The European Question Bank (EQB) aims to provide a central search facility across all the Consortium of European Social Science Data Archives’ (CESSDA) survey holdings. It uses a question-level metadata schema based on the DDI-Lifecycle standard (DDI Alliance 2020). The ambition is for users to be able to find survey questions, their translations to applicable languages, answer categories, pre- and postquestion texts, and the study title. The population of the EQB with the multilingual online continuous WageIndicator Salary Survey (Tijdens & Osse) provides an important use case to test the feasibility of harvesting social science questionnaires for the EQB. The survey, started in 2000 in the Netherlands, is currently collecting data in 160 countries around the world and can be completed in 58 languages. For each country, the questions have been translated.
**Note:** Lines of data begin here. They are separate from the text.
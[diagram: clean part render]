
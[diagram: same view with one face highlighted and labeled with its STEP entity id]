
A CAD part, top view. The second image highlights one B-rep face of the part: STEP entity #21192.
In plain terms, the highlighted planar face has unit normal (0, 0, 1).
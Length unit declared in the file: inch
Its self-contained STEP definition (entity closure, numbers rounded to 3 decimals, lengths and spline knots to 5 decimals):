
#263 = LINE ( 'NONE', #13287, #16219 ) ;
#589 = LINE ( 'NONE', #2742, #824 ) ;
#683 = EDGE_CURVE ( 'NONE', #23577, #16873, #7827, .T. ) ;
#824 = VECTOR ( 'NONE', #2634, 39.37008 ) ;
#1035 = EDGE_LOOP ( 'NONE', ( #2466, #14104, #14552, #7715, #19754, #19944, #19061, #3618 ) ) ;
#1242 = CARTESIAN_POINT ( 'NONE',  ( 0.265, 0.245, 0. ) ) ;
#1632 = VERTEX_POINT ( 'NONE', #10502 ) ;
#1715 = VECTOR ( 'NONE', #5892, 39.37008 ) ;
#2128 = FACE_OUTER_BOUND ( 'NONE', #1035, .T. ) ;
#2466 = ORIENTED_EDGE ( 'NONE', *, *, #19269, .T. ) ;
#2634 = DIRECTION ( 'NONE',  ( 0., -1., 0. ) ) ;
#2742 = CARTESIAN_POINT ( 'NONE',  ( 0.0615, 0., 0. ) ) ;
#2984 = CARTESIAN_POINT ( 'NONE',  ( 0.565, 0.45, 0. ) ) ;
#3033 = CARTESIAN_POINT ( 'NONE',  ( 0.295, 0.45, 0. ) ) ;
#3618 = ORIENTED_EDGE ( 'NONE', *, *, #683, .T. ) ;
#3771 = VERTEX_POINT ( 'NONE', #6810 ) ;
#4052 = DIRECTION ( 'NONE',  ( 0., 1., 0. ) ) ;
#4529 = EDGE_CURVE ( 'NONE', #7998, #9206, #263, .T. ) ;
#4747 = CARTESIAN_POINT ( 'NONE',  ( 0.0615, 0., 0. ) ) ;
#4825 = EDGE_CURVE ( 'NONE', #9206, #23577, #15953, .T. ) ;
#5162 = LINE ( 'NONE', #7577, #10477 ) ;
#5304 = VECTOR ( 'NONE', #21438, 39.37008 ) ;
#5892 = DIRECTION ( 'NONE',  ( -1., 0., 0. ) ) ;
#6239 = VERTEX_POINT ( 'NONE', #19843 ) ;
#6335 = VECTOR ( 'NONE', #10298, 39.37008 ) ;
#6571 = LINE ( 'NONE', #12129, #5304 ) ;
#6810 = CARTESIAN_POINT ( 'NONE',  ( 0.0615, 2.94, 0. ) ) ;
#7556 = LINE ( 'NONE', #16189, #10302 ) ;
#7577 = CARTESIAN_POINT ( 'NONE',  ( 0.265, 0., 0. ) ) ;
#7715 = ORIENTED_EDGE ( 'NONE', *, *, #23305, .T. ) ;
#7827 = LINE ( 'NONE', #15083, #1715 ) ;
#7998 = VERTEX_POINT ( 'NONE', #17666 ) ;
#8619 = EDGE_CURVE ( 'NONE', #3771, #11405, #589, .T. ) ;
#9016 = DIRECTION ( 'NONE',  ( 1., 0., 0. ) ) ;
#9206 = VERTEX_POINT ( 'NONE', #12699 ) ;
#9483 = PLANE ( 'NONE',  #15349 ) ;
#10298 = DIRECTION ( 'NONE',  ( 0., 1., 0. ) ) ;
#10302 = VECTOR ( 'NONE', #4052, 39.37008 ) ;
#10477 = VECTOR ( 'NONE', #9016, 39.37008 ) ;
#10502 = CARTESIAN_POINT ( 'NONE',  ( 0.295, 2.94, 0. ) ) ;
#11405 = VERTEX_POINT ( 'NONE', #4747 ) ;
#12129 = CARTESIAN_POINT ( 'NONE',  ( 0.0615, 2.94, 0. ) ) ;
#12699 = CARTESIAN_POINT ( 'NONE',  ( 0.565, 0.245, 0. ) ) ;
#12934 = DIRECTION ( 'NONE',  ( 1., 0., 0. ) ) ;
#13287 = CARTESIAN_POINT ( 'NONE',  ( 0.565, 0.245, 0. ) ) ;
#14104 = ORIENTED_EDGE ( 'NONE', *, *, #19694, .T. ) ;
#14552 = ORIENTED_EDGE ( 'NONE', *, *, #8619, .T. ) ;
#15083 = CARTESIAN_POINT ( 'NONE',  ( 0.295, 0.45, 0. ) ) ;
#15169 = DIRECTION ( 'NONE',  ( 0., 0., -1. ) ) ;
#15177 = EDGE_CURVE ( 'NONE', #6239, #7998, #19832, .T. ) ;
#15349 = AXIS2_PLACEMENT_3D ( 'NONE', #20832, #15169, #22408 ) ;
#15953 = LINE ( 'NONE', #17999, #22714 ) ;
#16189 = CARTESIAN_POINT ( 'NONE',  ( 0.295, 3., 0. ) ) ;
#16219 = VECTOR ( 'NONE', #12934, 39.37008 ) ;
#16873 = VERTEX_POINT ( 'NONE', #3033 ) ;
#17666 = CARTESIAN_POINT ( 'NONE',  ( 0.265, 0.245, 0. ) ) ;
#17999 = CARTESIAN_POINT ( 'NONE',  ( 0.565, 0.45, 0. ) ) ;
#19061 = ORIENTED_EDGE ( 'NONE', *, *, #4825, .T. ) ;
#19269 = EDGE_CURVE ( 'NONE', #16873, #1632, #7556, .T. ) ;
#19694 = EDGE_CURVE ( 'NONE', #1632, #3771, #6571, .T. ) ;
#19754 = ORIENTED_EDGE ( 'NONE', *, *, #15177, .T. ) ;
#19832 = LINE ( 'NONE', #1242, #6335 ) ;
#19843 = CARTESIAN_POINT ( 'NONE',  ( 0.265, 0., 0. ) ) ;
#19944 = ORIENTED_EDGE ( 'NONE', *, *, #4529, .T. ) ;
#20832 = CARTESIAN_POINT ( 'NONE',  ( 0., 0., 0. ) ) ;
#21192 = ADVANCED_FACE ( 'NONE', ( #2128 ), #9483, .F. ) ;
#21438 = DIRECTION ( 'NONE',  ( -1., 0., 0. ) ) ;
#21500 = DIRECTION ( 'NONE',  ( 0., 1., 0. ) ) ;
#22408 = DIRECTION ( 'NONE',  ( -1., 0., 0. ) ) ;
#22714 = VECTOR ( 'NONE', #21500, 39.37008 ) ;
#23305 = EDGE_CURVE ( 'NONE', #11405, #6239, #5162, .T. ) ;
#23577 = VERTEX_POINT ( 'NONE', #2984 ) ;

This report describes how all required question-level metadata, including survey questions, their translations to applicable languages, answer categories, pre- and post-question texts, and the study title, was imported into the EQB. Due to the existence of structured metadata, the extraction of all relevant questionnaire texts did not pose any challenges. Conversion of the structured metadata to DDI lifecycle standards required by the EQB was performed using conversion scripts that can be re-used in the future. The metadata published in the beta version of the online EQB effectively gives users access to survey questions, their translations to applicable languages, answer categories, pre- and post-question texts.
Three main challenges were encountered in the process of populating the EQB with the multilingual WageIndicator Salary Survey. Firstly, the introduction of question grids into the EQB posed challenges to the search function since the search terms most likely to be used by end users were not found in the question texts but answer categories. This was solved by expanding the search function and by breaking down the relevant question grids into separate questions. Secondly, the inclusion of answer categories including extremely long lists of potential answers, which are commonly stored outside the survey XML sheet and called on using APIs, posed challenges to the inclusion of all answer categories in the EQB as well as to the display of those answer options to end users. In the EQB, access to answer categories stored in APIs and their translations is now provided by the inclusion of links to the source API. This solution ensures users have access to the most up-to-date versions of the ontologies and vocabularies, as well as to all translations. Thirdly, the large number of language versions of the WageIndicator version made high demands on the IT system, which has to be able to correctly process numerous writing systems, as well as to the user-friendliness of the web interface. The beta version of the EQB is capable of processing all included language systems. The translations for the 217 language versionsare collapsed by default in the EQB to make the site more user friendly; users can click to expand and access all translations.